John Thickstun, assistant professor of computer science at Cornell University, studies machine learning – specifically, generative models.

Thickstun says:

“Most of the advances in AI over the past two years involve ‘reasoning’: methods that encourage a model to ponder and show its work in response to a user's questions. These deliberations greatly improve the reliability of a model's responses. For previous-generation models like GPT-4, reasoning methods are applied post-hoc to a model that was trained for the more simple task of mimicking data scraped from the internet. Recent models (including GPT-5) are trained specifically to facilitate reasoning.

“In certain narrow tasks (e.g., competition mathematics) these models already perform better than a strong university mathematics student. This invites speculation about ‘PhD-level intelligence’ or even ‘superintelligence,’ where models reach a level of performance greater (possibly far greater) than any human. Indeed, we already have examples before of superintelligence in domains such as game playing (chess, go, etc.) but there are caveats to this speculation.

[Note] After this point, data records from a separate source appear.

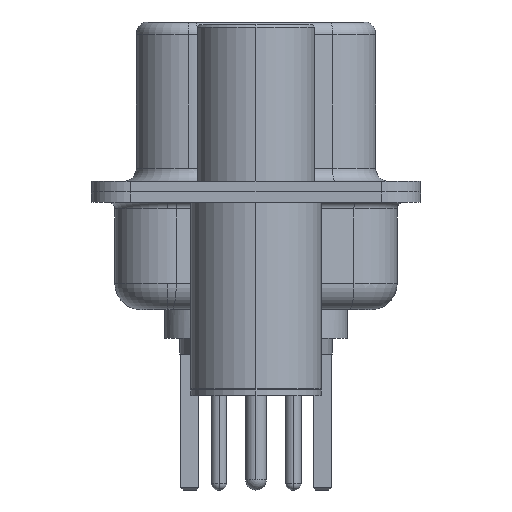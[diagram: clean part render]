
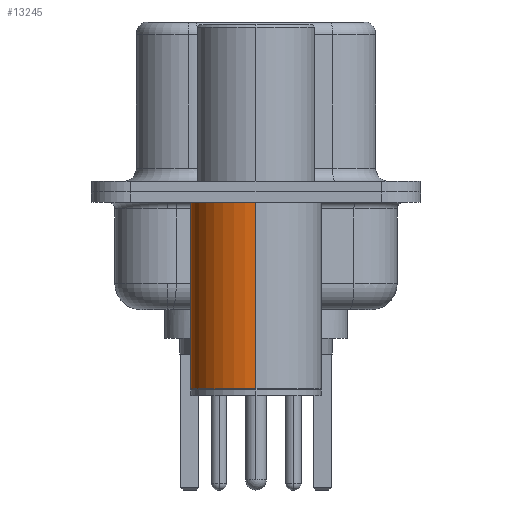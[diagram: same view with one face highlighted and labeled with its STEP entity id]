
A CAD part, left-side view. The second image highlights one B-rep face of the part: STEP entity #13245.
In plain terms, the highlighted cylindrical face has radius 2.5 mm (diameter 5 mm), a partial arc.
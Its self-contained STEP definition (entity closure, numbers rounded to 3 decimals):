
#1475 = DIRECTION ( 'NONE',  ( 0., 0., 1. ) ) ;
#1564 = DIRECTION ( 'NONE',  ( 0., 0., 1. ) ) ;
#2033 = VERTEX_POINT ( 'NONE', #16383 ) ;
#2361 = ORIENTED_EDGE ( 'NONE', *, *, #11601, .T. ) ;
#5196 = ORIENTED_EDGE ( 'NONE', *, *, #9331, .F. ) ;
#6587 = AXIS2_PLACEMENT_3D ( 'NONE', #9189, #22876, #13174 ) ;
#7428 = AXIS2_PLACEMENT_3D ( 'NONE', #22901, #11371, #24770 ) ;
#8145 = LINE ( 'NONE', #22846, #17868 ) ;
#8299 = VERTEX_POINT ( 'NONE', #22852 ) ;
#9189 = CARTESIAN_POINT ( 'NONE',  ( 0., 0., 0.581 ) ) ;
#9331 = EDGE_CURVE ( 'NONE', #21827, #8299, #13129, .T. ) ;
#9912 = EDGE_CURVE ( 'NONE', #2033, #16929, #8145, .T. ) ;
#11371 = DIRECTION ( 'NONE',  ( 0., 0., 1. ) ) ;
#11567 = EDGE_CURVE ( 'NONE', #8299, #16929, #20953, .T. ) ;
#11601 = EDGE_CURVE ( 'NONE', #21827, #2033, #19707, .T. ) ;
#12725 = EDGE_LOOP ( 'NONE', ( #2361, #23778, #22310, #5196 ) ) ;
#13129 = LINE ( 'NONE', #23045, #22786 ) ;
#13174 = DIRECTION ( 'NONE',  ( 1., 0., 0. ) ) ;
#13245 = ADVANCED_FACE ( 'NONE', ( #14571 ), #19114, .T. ) ;
#13366 = CARTESIAN_POINT ( 'NONE',  ( 0., 0., -7.525 ) ) ;
#14011 = AXIS2_PLACEMENT_3D ( 'NONE', #13366, #1475, #15263 ) ;
#14571 = FACE_OUTER_BOUND ( 'NONE', #12725, .T. ) ;
#15263 = DIRECTION ( 'NONE',  ( 1., 0., 0. ) ) ;
#16383 = CARTESIAN_POINT ( 'NONE',  ( -2.5, 0., -7.525 ) ) ;
#16929 = VERTEX_POINT ( 'NONE', #17629 ) ;
#17099 = CARTESIAN_POINT ( 'NONE',  ( 2.5, 0., -7.525 ) ) ;
#17629 = CARTESIAN_POINT ( 'NONE',  ( -2.5, 0., -0.4 ) ) ;
#17868 = VECTOR ( 'NONE', #18946, 1000. ) ;
#18946 = DIRECTION ( 'NONE',  ( 0., 0., 1. ) ) ;
#19114 = CYLINDRICAL_SURFACE ( 'NONE', #6587, 2.5 ) ;
#19707 = CIRCLE ( 'NONE', #14011, 2.5 ) ;
#20953 = CIRCLE ( 'NONE', #7428, 2.5 ) ;
#21827 = VERTEX_POINT ( 'NONE', #17099 ) ;
#22310 = ORIENTED_EDGE ( 'NONE', *, *, #11567, .F. ) ;
#22786 = VECTOR ( 'NONE', #1564, 1000. ) ;
#22846 = CARTESIAN_POINT ( 'NONE',  ( -2.5, 0., 0.581 ) ) ;
#22852 = CARTESIAN_POINT ( 'NONE',  ( 2.5, 0., -0.4 ) ) ;
#22876 = DIRECTION ( 'NONE',  ( 0., 0., 1. ) ) ;
#22901 = CARTESIAN_POINT ( 'NONE',  ( 0., 0., -0.4 ) ) ;
#23045 = CARTESIAN_POINT ( 'NONE',  ( 2.5, 0., 0.581 ) ) ;
#23778 = ORIENTED_EDGE ( 'NONE', *, *, #9912, .T. ) ;
#24770 = DIRECTION ( 'NONE',  ( 1., 0., 0. ) ) ;

“Superintelligent performance tends to appear in domains where success is clearly defined and the AI can be easily rewarded for success: games, competition mathematics, etc. It’s not clear whether there is a ‘level of intelligence’ far greater than human intelligence. For example, chess-playing AI's outperformance of humans mostly comes from its ability to never get tired, or overlook a move, or make a mistake, rather than a superintelligent understanding of the game. Intelligent reasoning may be more of a capability (you do it, or you don't) rather than a spectrum (less intelligent, more intelligent, superintelligent).”